The key to getting this movie to work is in its affection for the very sport it's out to mock. "Blackballed" isn't mean-spirited in its jabs at paintball, but it does understand just how silly the sport can be, and just how silly its players can get when taking the game so seriously. I'll leave it up to the paintball experts to debate how much they got right or wrong about the sport; they seem to have gotten the details down, and if not that, then at least the spirit. The movie recognizes this is the story about the most important thing to ever happen to a bunch of people who are not actually doing anything very important - a fact capped off by having the entire backstory revealed to us with He-Man action figures.

So yeah, that's the kind of mockumentary we're dealing with here. It's not trying so much to pass itself off as real (don't bother wondering about the flimsy story - they sure aren't) as it is merely hoping to get a few belly laughs, which it does, thanks to a very impressive cast. Corddry gets some chuckles, but mostly his job is to play straight man to a gang of weirdos. Riggle gets points for being the most consistently funny (how is it he left "Saturday Night Live" after only one season?), while D.J. Hazard delivers the film's best lines (his answer to Corddry's off-the-cuff remark about the smell of donuts is priceless). With so much comic talent all in one place, "Blackballed" becomes a dopey but lovable gigglefest.

"Blackballed" was filmed on the fly over a series of available weekends, using digital video, the actors' own wardrobe, and whatever sets anybody could scrounge up. This is a truly low-budget indie offering, a labor of love with a "let's put on a show!" feel. After playing the festival circuit (including a popular, award-winning run at the 2004 South By Southwest Festival), the film disappeared, only to go on a cheap city-by-city tour as its only means of getting seen in theaters. Now it arrives on home video, where it's bound to find more than a few fans.

The DVD

Video


Oh, dear. The digital video transferred quite nicely, but… Shout! Factory didn't bother with anamorphic enhancement for the 1.85:1 image. What? Only the cheapest of cheap distributors go non-anamorphic anymore (insert Lucasfilm joke here), and Shout! is definitely not a bottom rung company. A major disappointment.

Audio

No problems with the stereo soundtrack. Sounds just fine.
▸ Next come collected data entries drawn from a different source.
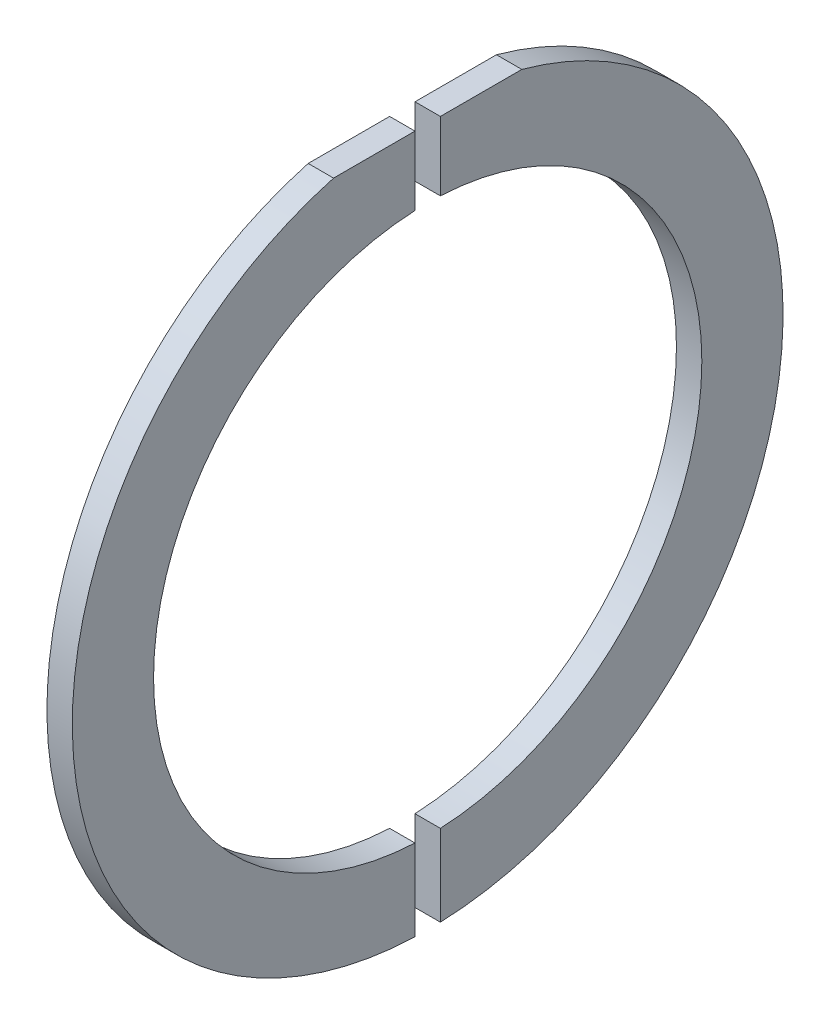
ISO-10303-21;
HEADER;
FILE_DESCRIPTION(('STEP AP214'),'2;1');
FILE_NAME('part.step','',(''),(''),'','','');
FILE_SCHEMA(('AUTOMOTIVE_DESIGN { 1 0 10303 214 1 1 1 1 }'));
ENDSEC;
DATA;
#1=APPLICATION_CONTEXT('core data for automotive mechanical design processes');
#2=APPLICATION_PROTOCOL_DEFINITION('international standard','automotive_design',2000,#1);
#3=PRODUCT_CONTEXT('',#1,'mechanical');
#4=PRODUCT('Part','Part','',(#3));
#5=PRODUCT_RELATED_PRODUCT_CATEGORY('part','',(#4));
#6=PRODUCT_DEFINITION_FORMATION('','',#4);
#7=PRODUCT_DEFINITION_CONTEXT('part definition',#1,'design');
#8=PRODUCT_DEFINITION('design','',#6,#7);
#9=PRODUCT_DEFINITION_SHAPE('','',#8);
#10=(LENGTH_UNIT() NAMED_UNIT(*) SI_UNIT(.MILLI.,.METRE.));
#11=(NAMED_UNIT(*) PLANE_ANGLE_UNIT() SI_UNIT($,.RADIAN.));
#12=(NAMED_UNIT(*) SI_UNIT($,.STERADIAN.) SOLID_ANGLE_UNIT());
#13=UNCERTAINTY_MEASURE_WITH_UNIT(LENGTH_MEASURE(1.E-05),#10,'distance_accuracy_value','');
#14=(GEOMETRIC_REPRESENTATION_CONTEXT(3) GLOBAL_UNCERTAINTY_ASSIGNED_CONTEXT((#13)) GLOBAL_UNIT_ASSIGNED_CONTEXT((#10,
#11,#12)) REPRESENTATION_CONTEXT('',''));
#15=CARTESIAN_POINT('',(0.,0.,0.));
#16=DIRECTION('',(0.,0.,1.));
#17=DIRECTION('',(1.,0.,0.));
#18=AXIS2_PLACEMENT_3D('',#15,#16,#17);
#19=CARTESIAN_POINT('',(0.,0.,-28.));
#20=DIRECTION('',(-1.,0.,0.));
#21=DIRECTION('',(0.,0.,1.));
#22=AXIS2_PLACEMENT_3D('',#19,#20,#21);
#23=PLANE('',#22);
#24=DIRECTION('',(0.,1.,0.));
#25=VECTOR('',#24,1.);
#26=CARTESIAN_POINT('',(0.,0.,0.999999999999994));
#27=LINE('',#26,#25);
#28=CARTESIAN_POINT('',(0.,-27.9821371592664,0.999999999999994));
#29=VERTEX_POINT('',#28);
#30=CARTESIAN_POINT('',(0.,-21.5768394349126,0.999999999999994));
#31=VERTEX_POINT('',#30);
#32=EDGE_CURVE('E68',#29,#31,#27,.T.);
#33=ORIENTED_EDGE('',*,*,#32,.T.);
#34=CARTESIAN_POINT('',(0.,0.,0.));
#35=DIRECTION('',(-1.,0.,0.));
#36=DIRECTION('',(0.,0.,1.));
#37=AXIS2_PLACEMENT_3D('',#34,#35,#36);
#38=CIRCLE('',#37,21.6);
#39=CARTESIAN_POINT('',(0.,21.5768394349126,0.999999999999994));
#40=VERTEX_POINT('',#39);
#41=EDGE_CURVE('E121',#31,#40,#38,.T.);
#42=ORIENTED_EDGE('',*,*,#41,.T.);
#43=DIRECTION('',(0.,1.,0.));
#44=VECTOR('',#43,1.);
#45=CARTESIAN_POINT('',(0.,0.,0.999999999999994));
#46=LINE('',#45,#44);
#47=CARTESIAN_POINT('',(0.,27.,0.999999999999994));
#48=VERTEX_POINT('',#47);
#49=EDGE_CURVE('E102',#40,#48,#46,.T.);
#50=ORIENTED_EDGE('',*,*,#49,.T.);
#51=DIRECTION('',(0.,0.,1.));
#52=VECTOR('',#51,1.);
#53=CARTESIAN_POINT('',(0.,27.,-61.7414213562373));
#54=LINE('',#53,#52);
#55=CARTESIAN_POINT('',(0.,27.,7.41619848709564));
#56=VERTEX_POINT('',#55);
#57=EDGE_CURVE('E113',#48,#56,#54,.T.);
#58=ORIENTED_EDGE('',*,*,#57,.T.);
#59=CARTESIAN_POINT('',(0.,0.,0.));
#60=DIRECTION('',(-1.,0.,0.));
#61=DIRECTION('',(0.,0.,1.));
#62=AXIS2_PLACEMENT_3D('',#59,#60,#61);
#63=CIRCLE('',#62,28.);
#64=EDGE_CURVE('E46',#29,#56,#63,.T.);
#65=ORIENTED_EDGE('',*,*,#64,.F.);
#66=EDGE_LOOP('',(#33,#42,#50,#58,#65));
#67=FACE_BOUND('',#66,.T.);
#68=ADVANCED_FACE('F43',(#67),#23,.F.);
#69=CARTESIAN_POINT('',(-2.,0.,-21.6));
#70=DIRECTION('',(1.,0.,0.));
#71=DIRECTION('',(0.,0.,-1.));
#72=AXIS2_PLACEMENT_3D('',#69,#70,#71);
#73=PLANE('',#72);
#74=DIRECTION('',(0.,1.,0.));
#75=VECTOR('',#74,1.);
#76=CARTESIAN_POINT('',(-2.,0.,0.999999999999994));
#77=LINE('',#76,#75);
#78=CARTESIAN_POINT('',(-2.,-27.9821371592664,0.999999999999994));
#79=VERTEX_POINT('',#78);
#80=CARTESIAN_POINT('',(-2.,-21.5768394349126,0.999999999999994));
#81=VERTEX_POINT('',#80);
#82=EDGE_CURVE('E52',#79,#81,#77,.T.);
#83=ORIENTED_EDGE('',*,*,#82,.F.);
#84=CARTESIAN_POINT('',(-2.,0.,0.));
#85=DIRECTION('',(-1.,0.,0.));
#86=DIRECTION('',(0.,0.,1.));
#87=AXIS2_PLACEMENT_3D('',#84,#85,#86);
#88=CIRCLE('',#87,28.);
#89=CARTESIAN_POINT('',(-2.,27.,7.41619848709564));
#90=VERTEX_POINT('',#89);
#91=EDGE_CURVE('E118',#79,#90,#88,.T.);
#92=ORIENTED_EDGE('',*,*,#91,.T.);
#93=DIRECTION('',(0.,0.,1.));
#94=VECTOR('',#93,1.);
#95=CARTESIAN_POINT('',(-2.,27.,-61.7414213562373));
#96=LINE('',#95,#94);
#97=CARTESIAN_POINT('',(-2.,27.,0.999999999999994));
#98=VERTEX_POINT('',#97);
#99=EDGE_CURVE('E108',#98,#90,#96,.T.);
#100=ORIENTED_EDGE('',*,*,#99,.F.);
#101=DIRECTION('',(0.,1.,0.));
#102=VECTOR('',#101,1.);
#103=CARTESIAN_POINT('',(-2.,0.,0.999999999999994));
#104=LINE('',#103,#102);
#105=CARTESIAN_POINT('',(-2.,21.5768394349126,0.999999999999994));
#106=VERTEX_POINT('',#105);
#107=EDGE_CURVE('E100',#106,#98,#104,.T.);
#108=ORIENTED_EDGE('',*,*,#107,.F.);
#109=CARTESIAN_POINT('',(-2.,0.,0.));
#110=DIRECTION('',(-1.,0.,0.));
#111=DIRECTION('',(0.,0.,1.));
#112=AXIS2_PLACEMENT_3D('',#109,#110,#111);
#113=CIRCLE('',#112,21.6);
#114=EDGE_CURVE('E90',#81,#106,#113,.T.);
#115=ORIENTED_EDGE('',*,*,#114,.F.);
#116=EDGE_LOOP('',(#83,#92,#100,#108,#115));
#117=FACE_BOUND('',#116,.T.);
#118=ADVANCED_FACE('F105',(#117),#73,.F.);
#119=CARTESIAN_POINT('',(-20.8659064476103,0.,0.));
#120=DIRECTION('',(-1.,0.,0.));
#121=DIRECTION('',(0.,0.,1.));
#122=AXIS2_PLACEMENT_3D('',#119,#120,#121);
#123=CYLINDRICAL_SURFACE('',#122,28.);
#124=DIRECTION('',(1.,0.,0.));
#125=VECTOR('',#124,1.);
#126=CARTESIAN_POINT('',(-2.,-27.9821371592664,0.999999999999994));
#127=LINE('',#126,#125);
#128=EDGE_CURVE('E117',#79,#29,#127,.T.);
#129=ORIENTED_EDGE('',*,*,#128,.T.);
#130=ORIENTED_EDGE('',*,*,#64,.T.);
#131=DIRECTION('',(1.,0.,0.));
#132=VECTOR('',#131,1.);
#133=CARTESIAN_POINT('',(-2.,27.,7.41619848709564));
#134=LINE('',#133,#132);
#135=EDGE_CURVE('E116',#90,#56,#134,.T.);
#136=ORIENTED_EDGE('',*,*,#135,.F.);
#137=ORIENTED_EDGE('',*,*,#91,.F.);
#138=EDGE_LOOP('',(#129,#130,#136,#137));
#139=FACE_BOUND('',#138,.T.);
#140=ADVANCED_FACE('F134',(#139),#123,.T.);
#141=CARTESIAN_POINT('',(-20.8659064476103,0.,0.));
#142=DIRECTION('',(-1.,0.,0.));
#143=DIRECTION('',(0.,0.,1.));
#144=AXIS2_PLACEMENT_3D('',#141,#142,#143);
#145=CYLINDRICAL_SURFACE('',#144,21.6);
#146=DIRECTION('',(1.,0.,0.));
#147=VECTOR('',#146,1.);
#148=CARTESIAN_POINT('',(-2.,-21.5768394349126,0.999999999999994));
#149=LINE('',#148,#147);
#150=EDGE_CURVE('E12',#81,#31,#149,.T.);
#151=ORIENTED_EDGE('',*,*,#150,.F.);
#152=ORIENTED_EDGE('',*,*,#114,.T.);
#153=DIRECTION('',(1.,0.,0.));
#154=VECTOR('',#153,1.);
#155=CARTESIAN_POINT('',(-2.,21.5768394349126,0.999999999999994));
#156=LINE('',#155,#154);
#157=EDGE_CURVE('E94',#106,#40,#156,.T.);
#158=ORIENTED_EDGE('',*,*,#157,.T.);
#159=ORIENTED_EDGE('',*,*,#41,.F.);
#160=EDGE_LOOP('',(#151,#152,#158,#159));
#161=FACE_BOUND('',#160,.T.);
#162=ADVANCED_FACE('F92',(#161),#145,.F.);
#163=CARTESIAN_POINT('',(-2.,0.,0.999999999999994));
#164=DIRECTION('',(0.,0.,-1.));
#165=DIRECTION('',(-1.,0.,0.));
#166=AXIS2_PLACEMENT_3D('',#163,#164,#165);
#167=PLANE('',#166);
#168=ORIENTED_EDGE('',*,*,#49,.F.);
#169=ORIENTED_EDGE('',*,*,#157,.F.);
#170=ORIENTED_EDGE('',*,*,#107,.T.);
#171=DIRECTION('',(1.,0.,0.));
#172=VECTOR('',#171,1.);
#173=CARTESIAN_POINT('',(-2.,27.,0.999999999999994));
#174=LINE('',#173,#172);
#175=EDGE_CURVE('E76',#98,#48,#174,.T.);
#176=ORIENTED_EDGE('',*,*,#175,.T.);
#177=EDGE_LOOP('',(#168,#169,#170,#176));
#178=FACE_BOUND('',#177,.T.);
#179=ADVANCED_FACE('F99',(#178),#167,.T.);
#180=CARTESIAN_POINT('',(-2.,27.,-61.7414213562373));
#181=DIRECTION('',(0.,1.,0.));
#182=DIRECTION('',(0.,0.,1.));
#183=AXIS2_PLACEMENT_3D('',#180,#181,#182);
#184=PLANE('',#183);
#185=ORIENTED_EDGE('',*,*,#57,.F.);
#186=ORIENTED_EDGE('',*,*,#175,.F.);
#187=ORIENTED_EDGE('',*,*,#99,.T.);
#188=ORIENTED_EDGE('',*,*,#135,.T.);
#189=EDGE_LOOP('',(#185,#186,#187,#188));
#190=FACE_BOUND('',#189,.T.);
#191=ADVANCED_FACE('F132',(#190),#184,.T.);
#192=CARTESIAN_POINT('',(-2.,0.,0.999999999999994));
#193=DIRECTION('',(0.,0.,-1.));
#194=DIRECTION('',(-1.,0.,0.));
#195=AXIS2_PLACEMENT_3D('',#192,#193,#194);
#196=PLANE('',#195);
#197=ORIENTED_EDGE('',*,*,#32,.F.);
#198=ORIENTED_EDGE('',*,*,#128,.F.);
#199=ORIENTED_EDGE('',*,*,#82,.T.);
#200=ORIENTED_EDGE('',*,*,#150,.T.);
#201=EDGE_LOOP('',(#197,#198,#199,#200));
#202=FACE_BOUND('',#201,.T.);
#203=ADVANCED_FACE('F146',(#202),#196,.T.);
#204=CLOSED_SHELL('',(#68,#118,#140,#162,#179,#191,#203));
#205=MANIFOLD_SOLID_BREP('B2',#204);
#206=CARTESIAN_POINT('',(-2.,27.,-61.7414213562373));
#207=DIRECTION('',(0.,-1.,0.));
#208=DIRECTION('',(0.,0.,-1.));
#209=AXIS2_PLACEMENT_3D('',#206,#207,#208);
#210=PLANE('',#209);
#211=DIRECTION('',(0.,0.,-1.));
#212=VECTOR('',#211,1.);
#213=CARTESIAN_POINT('',(0.,27.,-61.7414213562373));
#214=LINE('',#213,#212);
#215=CARTESIAN_POINT('',(0.,27.,-1.));
#216=VERTEX_POINT('',#215);
#217=CARTESIAN_POINT('',(0.,27.,-7.41619848709567));
#218=VERTEX_POINT('',#217);
#219=EDGE_CURVE('E216',#216,#218,#214,.T.);
#220=ORIENTED_EDGE('',*,*,#219,.T.);
#221=DIRECTION('',(1.,0.,0.));
#222=VECTOR('',#221,1.);
#223=CARTESIAN_POINT('',(-2.,27.,-7.41619848709567));
#224=LINE('',#223,#222);
#225=CARTESIAN_POINT('',(-2.,27.,-7.41619848709567));
#226=VERTEX_POINT('',#225);
#227=EDGE_CURVE('E267',#226,#218,#224,.T.);
#228=ORIENTED_EDGE('',*,*,#227,.F.);
#229=DIRECTION('',(0.,0.,-1.));
#230=VECTOR('',#229,1.);
#231=CARTESIAN_POINT('',(-2.,27.,-61.7414213562373));
#232=LINE('',#231,#230);
#233=CARTESIAN_POINT('',(-2.,27.,-1.));
#234=VERTEX_POINT('',#233);
#235=EDGE_CURVE('E260',#234,#226,#232,.T.);
#236=ORIENTED_EDGE('',*,*,#235,.F.);
#237=DIRECTION('',(1.,0.,0.));
#238=VECTOR('',#237,1.);
#239=CARTESIAN_POINT('',(-2.,27.,-1.));
#240=LINE('',#239,#238);
#241=EDGE_CURVE('E265',#234,#216,#240,.T.);
#242=ORIENTED_EDGE('',*,*,#241,.T.);
#243=EDGE_LOOP('',(#220,#228,#236,#242));
#244=FACE_BOUND('',#243,.T.);
#245=ADVANCED_FACE('F193',(#244),#210,.F.);
#246=CARTESIAN_POINT('',(-2.,0.,-1.));
#247=DIRECTION('',(0.,0.,-1.));
#248=DIRECTION('',(-1.,0.,0.));
#249=AXIS2_PLACEMENT_3D('',#246,#247,#248);
#250=PLANE('',#249);
#251=DIRECTION('',(0.,1.,0.));
#252=VECTOR('',#251,1.);
#253=CARTESIAN_POINT('',(0.,0.,-1.));
#254=LINE('',#253,#252);
#255=CARTESIAN_POINT('',(0.,21.5768394349126,-1.));
#256=VERTEX_POINT('',#255);
#257=EDGE_CURVE('E272',#256,#216,#254,.T.);
#258=ORIENTED_EDGE('',*,*,#257,.T.);
#259=ORIENTED_EDGE('',*,*,#241,.F.);
#260=DIRECTION('',(0.,1.,0.));
#261=VECTOR('',#260,1.);
#262=CARTESIAN_POINT('',(-2.,0.,-1.));
#263=LINE('',#262,#261);
#264=CARTESIAN_POINT('',(-2.,21.5768394349126,-1.));
#265=VERTEX_POINT('',#264);
#266=EDGE_CURVE('E271',#265,#234,#263,.T.);
#267=ORIENTED_EDGE('',*,*,#266,.F.);
#268=DIRECTION('',(1.,0.,0.));
#269=VECTOR('',#268,1.);
#270=CARTESIAN_POINT('',(-2.,21.5768394349126,-1.));
#271=LINE('',#270,#269);
#272=EDGE_CURVE('E262',#265,#256,#271,.T.);
#273=ORIENTED_EDGE('',*,*,#272,.T.);
#274=EDGE_LOOP('',(#258,#259,#267,#273));
#275=FACE_BOUND('',#274,.T.);
#276=ADVANCED_FACE('F285',(#275),#250,.F.);
#277=CARTESIAN_POINT('',(-20.8659064476103,0.,0.));
#278=DIRECTION('',(-1.,0.,0.));
#279=DIRECTION('',(0.,0.,1.));
#280=AXIS2_PLACEMENT_3D('',#277,#278,#279);
#281=CYLINDRICAL_SURFACE('',#280,21.6);
#282=CARTESIAN_POINT('',(-2.,0.,0.));
#283=DIRECTION('',(-1.,0.,0.));
#284=DIRECTION('',(0.,0.,1.));
#285=AXIS2_PLACEMENT_3D('',#282,#283,#284);
#286=CIRCLE('',#285,21.6);
#287=CARTESIAN_POINT('',(-2.,-21.5768394349126,-1.));
#288=VERTEX_POINT('',#287);
#289=EDGE_CURVE('E201',#265,#288,#286,.T.);
#290=ORIENTED_EDGE('',*,*,#289,.T.);
#291=DIRECTION('',(1.,0.,0.));
#292=VECTOR('',#291,1.);
#293=CARTESIAN_POINT('',(-2.,-21.5768394349126,-1.));
#294=LINE('',#293,#292);
#295=CARTESIAN_POINT('',(0.,-21.5768394349126,-1.));
#296=VERTEX_POINT('',#295);
#297=EDGE_CURVE('E242',#288,#296,#294,.T.);
#298=ORIENTED_EDGE('',*,*,#297,.T.);
#299=CARTESIAN_POINT('',(0.,0.,0.));
#300=DIRECTION('',(-1.,0.,0.));
#301=DIRECTION('',(0.,0.,1.));
#302=AXIS2_PLACEMENT_3D('',#299,#300,#301);
#303=CIRCLE('',#302,21.6);
#304=EDGE_CURVE('E41',#256,#296,#303,.T.);
#305=ORIENTED_EDGE('',*,*,#304,.F.);
#306=ORIENTED_EDGE('',*,*,#272,.F.);
#307=EDGE_LOOP('',(#290,#298,#305,#306));
#308=FACE_BOUND('',#307,.T.);
#309=ADVANCED_FACE('F280',(#308),#281,.F.);
#310=CARTESIAN_POINT('',(-20.8659064476103,0.,0.));
#311=DIRECTION('',(-1.,0.,0.));
#312=DIRECTION('',(0.,0.,1.));
#313=AXIS2_PLACEMENT_3D('',#310,#311,#312);
#314=CYLINDRICAL_SURFACE('',#313,28.);
#315=CARTESIAN_POINT('',(0.,0.,0.));
#316=DIRECTION('',(-1.,0.,0.));
#317=DIRECTION('',(0.,0.,1.));
#318=AXIS2_PLACEMENT_3D('',#315,#316,#317);
#319=CIRCLE('',#318,28.);
#320=CARTESIAN_POINT('',(0.,-27.9821371592664,-1.));
#321=VERTEX_POINT('',#320);
#322=EDGE_CURVE('E254',#218,#321,#319,.T.);
#323=ORIENTED_EDGE('',*,*,#322,.T.);
#324=DIRECTION('',(1.,0.,0.));
#325=VECTOR('',#324,1.);
#326=CARTESIAN_POINT('',(-2.,-27.9821371592664,-1.));
#327=LINE('',#326,#325);
#328=CARTESIAN_POINT('',(-2.,-27.9821371592664,-1.));
#329=VERTEX_POINT('',#328);
#330=EDGE_CURVE('E241',#329,#321,#327,.T.);
#331=ORIENTED_EDGE('',*,*,#330,.F.);
#332=CARTESIAN_POINT('',(-2.,0.,0.));
#333=DIRECTION('',(-1.,0.,0.));
#334=DIRECTION('',(0.,0.,1.));
#335=AXIS2_PLACEMENT_3D('',#332,#333,#334);
#336=CIRCLE('',#335,28.);
#337=EDGE_CURVE('E252',#226,#329,#336,.T.);
#338=ORIENTED_EDGE('',*,*,#337,.F.);
#339=ORIENTED_EDGE('',*,*,#227,.T.);
#340=EDGE_LOOP('',(#323,#331,#338,#339));
#341=FACE_BOUND('',#340,.T.);
#342=ADVANCED_FACE('F251',(#341),#314,.T.);
#343=CARTESIAN_POINT('',(-2.,0.,-21.6));
#344=DIRECTION('',(1.,0.,0.));
#345=DIRECTION('',(0.,0.,-1.));
#346=AXIS2_PLACEMENT_3D('',#343,#344,#345);
#347=PLANE('',#346);
#348=ORIENTED_EDGE('',*,*,#337,.T.);
#349=DIRECTION('',(0.,1.,0.));
#350=VECTOR('',#349,1.);
#351=CARTESIAN_POINT('',(-2.,0.,-1.));
#352=LINE('',#351,#350);
#353=EDGE_CURVE('E238',#329,#288,#352,.T.);
#354=ORIENTED_EDGE('',*,*,#353,.T.);
#355=ORIENTED_EDGE('',*,*,#289,.F.);
#356=ORIENTED_EDGE('',*,*,#266,.T.);
#357=ORIENTED_EDGE('',*,*,#235,.T.);
#358=EDGE_LOOP('',(#348,#354,#355,#356,#357));
#359=FACE_BOUND('',#358,.T.);
#360=ADVANCED_FACE('F257',(#359),#347,.F.);
#361=CARTESIAN_POINT('',(0.,0.,-28.));
#362=DIRECTION('',(-1.,0.,0.));
#363=DIRECTION('',(0.,0.,1.));
#364=AXIS2_PLACEMENT_3D('',#361,#362,#363);
#365=PLANE('',#364);
#366=ORIENTED_EDGE('',*,*,#304,.T.);
#367=DIRECTION('',(0.,1.,0.));
#368=VECTOR('',#367,1.);
#369=CARTESIAN_POINT('',(0.,0.,-1.));
#370=LINE('',#369,#368);
#371=EDGE_CURVE('E208',#321,#296,#370,.T.);
#372=ORIENTED_EDGE('',*,*,#371,.F.);
#373=ORIENTED_EDGE('',*,*,#322,.F.);
#374=ORIENTED_EDGE('',*,*,#219,.F.);
#375=ORIENTED_EDGE('',*,*,#257,.F.);
#376=EDGE_LOOP('',(#366,#372,#373,#374,#375));
#377=FACE_BOUND('',#376,.T.);
#378=ADVANCED_FACE('F195',(#377),#365,.F.);
#379=CARTESIAN_POINT('',(-2.,0.,-1.));
#380=DIRECTION('',(0.,0.,-1.));
#381=DIRECTION('',(-1.,0.,0.));
#382=AXIS2_PLACEMENT_3D('',#379,#380,#381);
#383=PLANE('',#382);
#384=ORIENTED_EDGE('',*,*,#371,.T.);
#385=ORIENTED_EDGE('',*,*,#297,.F.);
#386=ORIENTED_EDGE('',*,*,#353,.F.);
#387=ORIENTED_EDGE('',*,*,#330,.T.);
#388=EDGE_LOOP('',(#384,#385,#386,#387));
#389=FACE_BOUND('',#388,.T.);
#390=ADVANCED_FACE('F240',(#389),#383,.F.);
#391=CLOSED_SHELL('',(#245,#276,#309,#342,#360,#378,#390));
#392=MANIFOLD_SOLID_BREP('B6',#391);
#393=ADVANCED_BREP_SHAPE_REPRESENTATION('',(#18,#205,#392),#14);
#394=SHAPE_DEFINITION_REPRESENTATION(#9,#393);
ENDSEC;
END-ISO-10303-21;

No subtitles are provided.

Extras

Two commentaries come our way, one with Corddry, Scheer, and Riggle, who, in between stretches of actually talking about the movie, try to one-up each other with comic absurdities about behind-the-scenes goings on (which gets tiresome at times, but hilarious at others, so it's a wash); the other with Sersen, Steinberg, and producer Chris Lechler, who take a more ordinary route in their conversations.

Twelve minutes of outtakes aren't really "bloopers" but unused improv sessions, little bits of raw nonsense that get pretty funny in spots, although it's easy to see why they were cut.

Three deleted scenes offer completely edited together moments of additional insanity. The first two aren't too impressive, not even lasting a full minute, but the third? Why, that one's so nuts it comes with its own disclaimer, warning that you're about to encounter eleven full minutes of single-take ad libbing, a bit in which Riggle just keeps going and going and going. It's priceless stuff, impossible to include in the movie but brilliant entertainment on its own. At the end, you can hear Corddry, out of character, telling the crew that he actually wet himself while trying not to laugh on camera.

"Bobby Dukes' Video Diary" is yet another deleted riff, a four-minute piece in which Corddry, in character, tells of his world travels. Not sure why this wasn't simply included in the deleted scenes section.

(All of the outtakes are presented in 1.33:1, with plenty of spare room on the top and bottom, suggesting the film was shot that way and cropped in editing, sort of a video version of open matte.)

Final Thoughts

Despite that ridiculous non-anamorphic issue, I'll still say this one's Recommended - would've been higher if given the proper 16:9 treatment. The movie and extras are worth it, despite the sloppy video presentation. This is Rob Corddry, people, and any fan of "The Daily Show" already knows he's become a name to trust.